Per quanto riguarda l’approccio econometrico, Curien e Gensollen (1995) sostengono che la rete è una black box che impiega capitale, lavoro e materie prime e produce servizi misurabili con il numero di linee allacciate e il volume del traffico. Si possono quindi stimare dei modelli che mettono in relazione le quantità prodotte, il prezzo dei fattori e il progresso tecnico con il costo totale della rete; altrimenti è possibile cercare di stimare il volume totale di produzione utilizzando gli stessi fattori.
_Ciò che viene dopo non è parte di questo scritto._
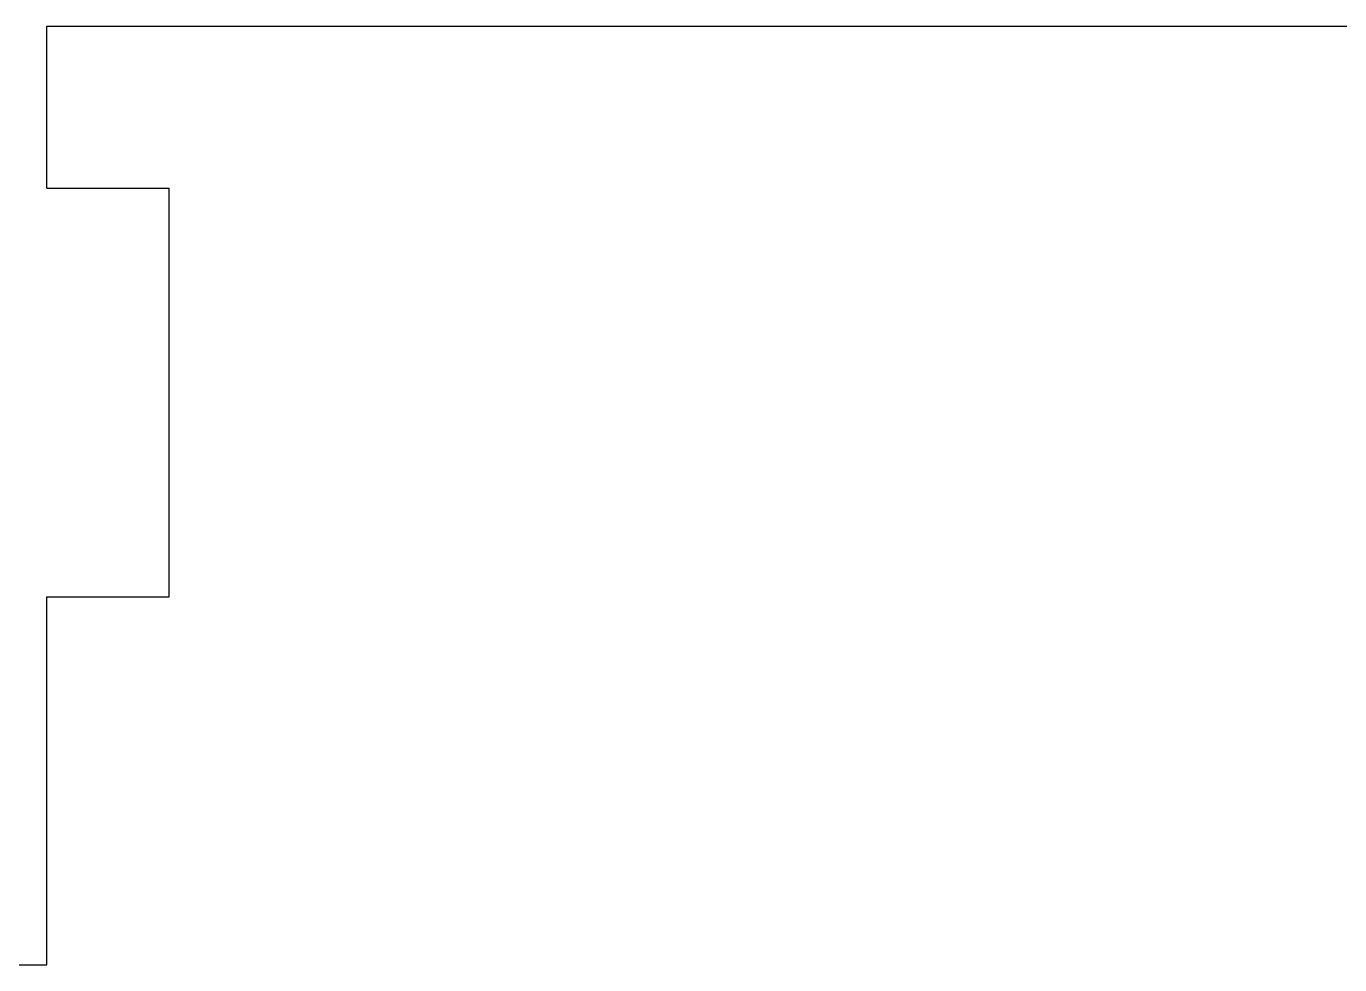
# Model space of a CAD drawing. Header units: inches. Extents: x 1.44 to 6.59, y 1.74 to 4.61.
# Drawn here: x 2.748 to 4.014, y 2.067 to 2.971 of the extents above; entities that cross this region are included whole.
import ezdxf

# ---------------------------------------------------------------- set-up
doc = ezdxf.new("R2010")
doc.units = ezdxf.units.IN
doc.header["$MEASUREMENT"] = 0
doc.layers.add('Mechanical2', color=216, linetype='Continuous')

msp = doc.modelspace()

# ---------------------------------------------------------------- linework, layer by layer
at = {"layer": 'Mechanical2'}
for p, q in [((2.7677, 2.815), (2.7677, 2.971)), ((2.7677, 2.971), (2.772, 2.971)), ((2.772, 2.971), (5.267, 2.971)), ((2.7677, 2.815), (2.8858, 2.815)), ((2.8858, 2.4213), (2.8858, 2.815)), ((2.7677, 2.0669), (2.7677, 2.4213)), ((2.7677, 2.4213), (2.8858, 2.4213)), ((2.7283, 2.0669), (2.7677, 2.0669))]:
    msp.add_line(p, q, dxfattribs=at)

doc.saveas('drawing.dxf')

I due autori sollevano tuttavia tre critiche verso questo approccio, che sono: nessuna conoscenza a priori sul funzionamento della rete viene incorporata nella specificazione della funzione di costo o di produzione; le osservazioni sono solitamente troppo scarse rispetto al numero di parametri per ottenere una solidità statistica delle stime ed infine in questo modo non si ottiene una determinazione di costo per ogni singolo prodotto.
Le stime econometriche possono aiutare a rilevare economie di scala, tuttavia non sono in grado di misurare la presenza e l’intensità delle economie di scopo che possono essere realizzate attraverso la rete91.
Tra le tecniche di bilancio che si usano per la stima delle funzioni di costo, Curien e Gensollen (1992) inseriscono come metodo la rilevazione dei dettagli della spesa per i fattori. Quest’ultima può essere successivamente imputata a cascata ai diversi prodotti. Nella ripartizione a cascata i costi vengono classificati per natura e per funzione secondo una gerarchia di classi interconnesse. Attraverso questo sistema i costi fissi e quelli comuni vengono attribuiti in maniera arbitraria perché è impossibile determinarne la perfetta allocazione. In conclusione, queste
problematiche di metodo non permettono di fare perfetta chiarezza rispetto alla struttura strategica del settore (p.99).